Show HN: A quiz for companies/people to learn about tools for remote work - codydillabough
https://letsgoremote.ca/
======
codydillabough
Hi HN,

I built letsgoremote.ca over the weekend and will admit it is a little rough
around the edges so I would absolutely love any feedback or ideas to improve
the experience.

The reason why I built this was to help newly "remote-ized" companies or
individuals to go through a quick quiz and learn about some of the tools that
are available to them.
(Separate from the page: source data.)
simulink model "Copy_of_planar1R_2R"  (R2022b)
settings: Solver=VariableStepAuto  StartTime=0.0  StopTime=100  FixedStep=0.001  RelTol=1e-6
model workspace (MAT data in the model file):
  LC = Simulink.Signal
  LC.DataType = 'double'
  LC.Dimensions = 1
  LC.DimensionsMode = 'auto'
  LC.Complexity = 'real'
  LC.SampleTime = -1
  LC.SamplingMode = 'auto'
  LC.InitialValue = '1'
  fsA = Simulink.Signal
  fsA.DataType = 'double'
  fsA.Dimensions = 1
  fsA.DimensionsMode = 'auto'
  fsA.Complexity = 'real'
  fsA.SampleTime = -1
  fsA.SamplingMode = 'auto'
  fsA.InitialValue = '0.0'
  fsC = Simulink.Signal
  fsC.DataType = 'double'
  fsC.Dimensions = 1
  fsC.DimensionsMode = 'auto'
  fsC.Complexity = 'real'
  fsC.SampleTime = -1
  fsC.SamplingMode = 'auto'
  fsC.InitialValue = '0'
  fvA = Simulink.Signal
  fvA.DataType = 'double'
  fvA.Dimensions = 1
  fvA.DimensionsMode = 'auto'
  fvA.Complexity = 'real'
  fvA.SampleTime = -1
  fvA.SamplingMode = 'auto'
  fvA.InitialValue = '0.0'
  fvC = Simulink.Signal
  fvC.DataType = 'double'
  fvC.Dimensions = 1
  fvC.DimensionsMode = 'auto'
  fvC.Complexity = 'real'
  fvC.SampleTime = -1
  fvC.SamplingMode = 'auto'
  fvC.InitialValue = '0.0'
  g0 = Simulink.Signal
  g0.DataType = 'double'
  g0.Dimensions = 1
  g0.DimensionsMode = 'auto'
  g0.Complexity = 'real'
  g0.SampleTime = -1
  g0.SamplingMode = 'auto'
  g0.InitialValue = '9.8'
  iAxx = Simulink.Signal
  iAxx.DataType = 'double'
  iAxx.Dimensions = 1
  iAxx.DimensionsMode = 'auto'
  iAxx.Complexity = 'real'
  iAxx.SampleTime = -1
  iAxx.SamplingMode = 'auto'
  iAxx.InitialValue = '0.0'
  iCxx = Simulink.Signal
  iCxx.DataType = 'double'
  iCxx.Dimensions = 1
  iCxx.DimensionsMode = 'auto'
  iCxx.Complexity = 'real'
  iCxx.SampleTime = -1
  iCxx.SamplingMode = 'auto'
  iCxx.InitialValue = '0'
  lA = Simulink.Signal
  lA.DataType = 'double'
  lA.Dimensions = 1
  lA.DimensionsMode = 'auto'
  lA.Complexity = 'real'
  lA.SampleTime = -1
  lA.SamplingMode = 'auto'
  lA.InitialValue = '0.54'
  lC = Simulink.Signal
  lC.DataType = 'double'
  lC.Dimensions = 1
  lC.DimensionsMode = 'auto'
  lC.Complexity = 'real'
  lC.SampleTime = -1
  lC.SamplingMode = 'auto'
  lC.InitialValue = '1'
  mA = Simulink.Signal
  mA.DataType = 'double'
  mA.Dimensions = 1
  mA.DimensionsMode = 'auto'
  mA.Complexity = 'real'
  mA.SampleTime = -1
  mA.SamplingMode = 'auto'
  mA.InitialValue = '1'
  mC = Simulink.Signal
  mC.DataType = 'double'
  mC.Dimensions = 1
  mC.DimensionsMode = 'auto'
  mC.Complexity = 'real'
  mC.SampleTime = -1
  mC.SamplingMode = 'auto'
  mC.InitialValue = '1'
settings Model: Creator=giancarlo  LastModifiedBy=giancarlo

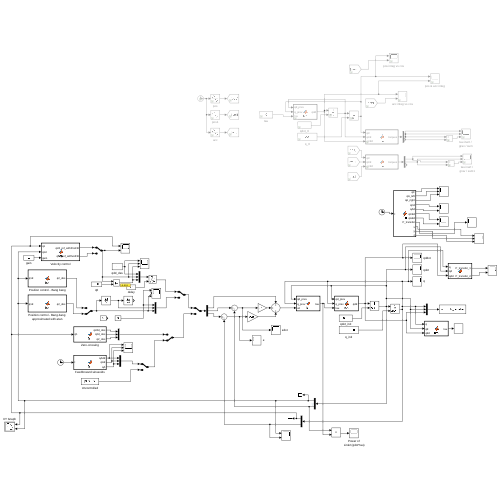
[thumbnail: Simulink's stored preview of the top-level diagram]
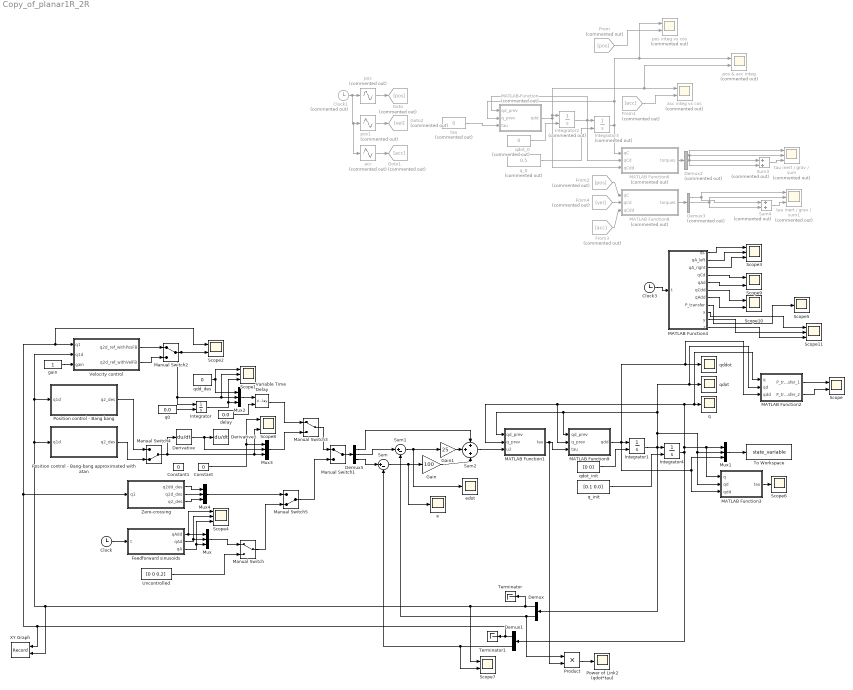
== system Copy_of_planar1R_2R ==
  Clock : Clock
  Clock1 : Clock  Commented=on
  Clock3 : Clock
  Constant : Constant  Value=0
  Constant1 : Constant  Value=0
  Demux : Demux  Outputs=2
  Demux1 : Demux  Outputs=2
  Demux2 : Demux  Commented=on  Outputs=[1 1 2 ]
  Demux3 : Demux  Commented=on  Outputs=[1 1 2 ]
  Demux5 : Demux  Outputs=3
  Derivative : Derivative
  Derivative1 : Derivative
  Feedforward sinusoids : MATLAB Function  TreatAsAtomicUnit=on
  From : From  Commented=on  GotoTag=pos
  From1 : From  Commented=on  GotoTag=acc
  From2 : From  Commented=on  GotoTag=pos
  From3 : From  Commented=on  GotoTag=acc
  From4 : From  Commented=on  GotoTag=vel
  Gain : Gain  Gain=100
  Gain1 : Gain  Gain=25
  Goto : Goto  Commented=on  GotoTag=pos
  Goto1 : Goto  Commented=on  GotoTag=acc
  Goto2 : Goto  Commented=on  GotoTag=vel
  Integrator : Integrator  InitialConditionSource=external  InitialCondition=0.3
  Integrator1 : Integrator  InitialConditionSource=external  InitialCondition=[0 0]
  Integrator2 : Integrator  Commented=on  InitialConditionSource=external  InitialCondition=[0 0]
  Integrator3 : Integrator  Commented=on  InitialConditionSource=external  InitialCondition=[0 0]
  Integrator4 : Integrator  InitialConditionSource=external  InitialCondition=[0 0]
  MATLAB Function : MATLAB Function  Commented=on  TreatAsAtomicUnit=on
  MATLAB Function1 : MATLAB Function  TreatAsAtomicUnit=on
  MATLAB Function2 : MATLAB Function  TreatAsAtomicUnit=on
  MATLAB Function3 : MATLAB Function  TreatAsAtomicUnit=on
  MATLAB Function4 : MATLAB Function  TreatAsAtomicUnit=on
  MATLAB Function6 : MATLAB Function  Commented=on  TreatAsAtomicUnit=on
  MATLAB Function8 : MATLAB Function  Commented=on  TreatAsAtomicUnit=on
  MATLAB Function9 : MATLAB Function  TreatAsAtomicUnit=on
  Manual Switch{,1..3} (4 alike) : ManualSwitch
  Manual Switch4 : ManualSwitch  CurrentSetting=0
  Manual Switch5 : ManualSwitch  CurrentSetting=0
  Mux{,1..4} (5 alike) : Mux  Inputs=3
  Position control - Bang bang : MATLAB Function  TreatAsAtomicUnit=on
  Position control - Bang-bang approximated with atan : MATLAB Function  TreatAsAtomicUnit=on
  Power of Link2 (qdot*tau) : Scope
  Product : Product
  Scope{,2,7,9..10} (5 alike) : Scope  NumInputPorts=2
  Scope{1,3..4,8,11} (5 alike) : Scope  NumInputPorts=3
  Scope5 : Scope
  Scope6 : Scope
  Sum : Sum  Inputs=|+-
  Sum1 : Sum  Inputs=|+-
  Sum2 : Sum  Inputs=+++
  Sum3 : Sum  Commented=on
  Sum4 : Sum  Commented=on
  Terminator : Terminator
  Terminator1 : Terminator
  To Workspace : ToWorkspace  VariableName=state_variable  SaveFormat=Timeseries  SampleTime=-1
  Uncontrolled : Constant  Value=[0 0 0.2]
  Variable Time Delay : VariableTransportDelay  MaximumDelay=10
  Velocity control : MATLAB Function  TreatAsAtomicUnit=on
  XY Graph : Record  FileSettingsInternal="{\"entries\":[{\"content\":{\"excelSettings\":{\"content\":{},\"type\":\"Streamout.ExcelSettings\"}},\"type\":\"Streamout.FileSettingStorage\",\"uuid\":\"17f3f7c0-a543-4966-915e-296ee2588332\"}],\"packageUris\":[\"http://schema.mathworks.com/mf0/streamout_blocks/R2020a\"],\"version\":\"1.0\"}"  Layout=[1 1]  SignalsInternal="{\"entries\":[{\"content\":{\"signals\":[{\"content\":{\"blockPath\":[\"Copy_of_planar1R_2R/XY Graph\"],\"channel\":[],\"dimensions\":[1],\"domain\":\"Copy_of_planar1R_2R/XY Graph\",\"lineColor\":\"#a2142f\",\"plots\":[1],\"port\":1,\"sid\":[\"\"],\"signalID\":42397,\"signalName\":\"Demux1:1\"},\"type\":\"RecordBlkView.Signal\",\"uuid\":\"0ab6503b-74ed-4c5b-b113-e67b91689d53\"},{\"content\":{\"blockPath\":[\"Copy_of_planar1R_2R/XY Graph\"],\"channel\":[],\"dimensions\":[1],\"domain\":\"Copy_of_planar1R_2R/XY Graph\",\"lineColor\":\"#139fff\",\"plots\":[1],\"port\":2,\"sid\":[\"\"],\"signalID\":42401,\"signalName\":\"Demux:1\"},\"type\":\"RecordBlkView.Signal\",\"uuid\":\"fae32842-6c35-404d-92af-908aeb941329\"}]},\"type\":\"RecordBlkView.InputSignals\",\"uuid\":\"726fd067-675c-490d-8cf4-42f1baed3ed2\"}],\"packageUris\":[\"http://schema.mathworks.com/mf0/streamout_blocks/R2020a\"],\"version\":\"1.0\"}"  VisualizationBindings="{\"xyplotplugin\":{\"info\":[{\"series\":[{\"bindingParametersList\":[{\"parameter\":\"X-Axis\",\"signalID\":42397,\"signalName\":\"Demux1:1\"},{\"parameter\":\"Y-Axis\",\"signalID\":42401,\"signalName\":\"Demux:1\"}],\"seriesID\":10957}],\"subplotID\":1}]}}"  CompatibilityTag=XY
  Zero-crossing : MATLAB Function  TreatAsAtomicUnit=on
  acc : Sin  Commented=on  TimeSource=Use external signal  Amplitude=-0.5*(2*pi*0.261145458563799)^2  Frequency=2*pi*0.261145458563799  Phase=pi/2  SampleTime=0
  acc integ vs cos : Scope  Commented=on  NumInputPorts=2
  delay : Constant  Value=0.0
  e : Scope
  edot : Scope
  gain : Constant
  pos : Sin  Commented=on  TimeSource=Use external signal  Amplitude=0.5  Frequency=2*pi*(0.261145458563799)  Phase=pi/2  SampleTime=0
  pos & acc integ : Scope  Commented=on  NumInputPorts=2
  pos integ vs cos : Scope  Commented=on  NumInputPorts=2
  pos1 : Sin  Commented=on  TimeSource=Use external signal  Amplitude=0.5*(2*pi*(0.261145458563799))  Frequency=2*pi*(0.261145458563799)  Phase=pi  SampleTime=0
  q : Scope
  q0 : Constant  Value=0.0
  q_0 : Constant  Commented=on  Value=0.5
  q_init : Constant  Value=[0.1 0.0]
  qdd_des : Constant  Value=0
  qddot : Scope
  qdot : Scope
  qdot_0 : Constant  Commented=on  Value=0
  qdot_init : Constant  Value=[0 0]
  tau : Constant  Commented=on  Value=0
  tau inert / grav / sum : Scope  Commented=on  NumInputPorts=3
  tau inert / grav / sum1 : Scope  Commented=on  NumInputPorts=3
  wires:
  qdot_0/1 -> Integrator2/2
  Integrator2/1 -> MATLAB Function6/2(qCd), MATLAB Function/1(qd_prev), Integrator3/1
  MATLAB Function/1(qdd) -> pos & acc integ/2, acc integ vs cos/1, Integrator2/1, MATLAB Function6/3(qCdd)
  q_0/1 -> Integrator3/2
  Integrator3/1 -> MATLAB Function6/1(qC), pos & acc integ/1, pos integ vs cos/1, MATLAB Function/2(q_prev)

I assume a lot of you are remote work experts, but
these tools/services are completely foreign to a large part of the population
and this part of the population are the ones that we are really trying to help
in some fashion.

You can read more about the mission here:
[https://letsgoremote.ca/mission](https://letsgoremote.ca/mission)

If you have any feedback/ideas or want to help in anyway either pop on over to
[https://letsgoremote.ca/help](https://letsgoremote.ca/help) or respond in the
comments here.

Hope this can be helpful to at least someone!

Cody

------
WindyCityTech
This is interesting, particularly for small business folks who typically work
at a WeWork or common working space who now are looking to keep the
connectivity of their teams in the interim.

Is there a direction to learn a bit more about what your current technology
stack is to access the "blind spots"? Right now it seems like it treats you as
if you have 0 tech.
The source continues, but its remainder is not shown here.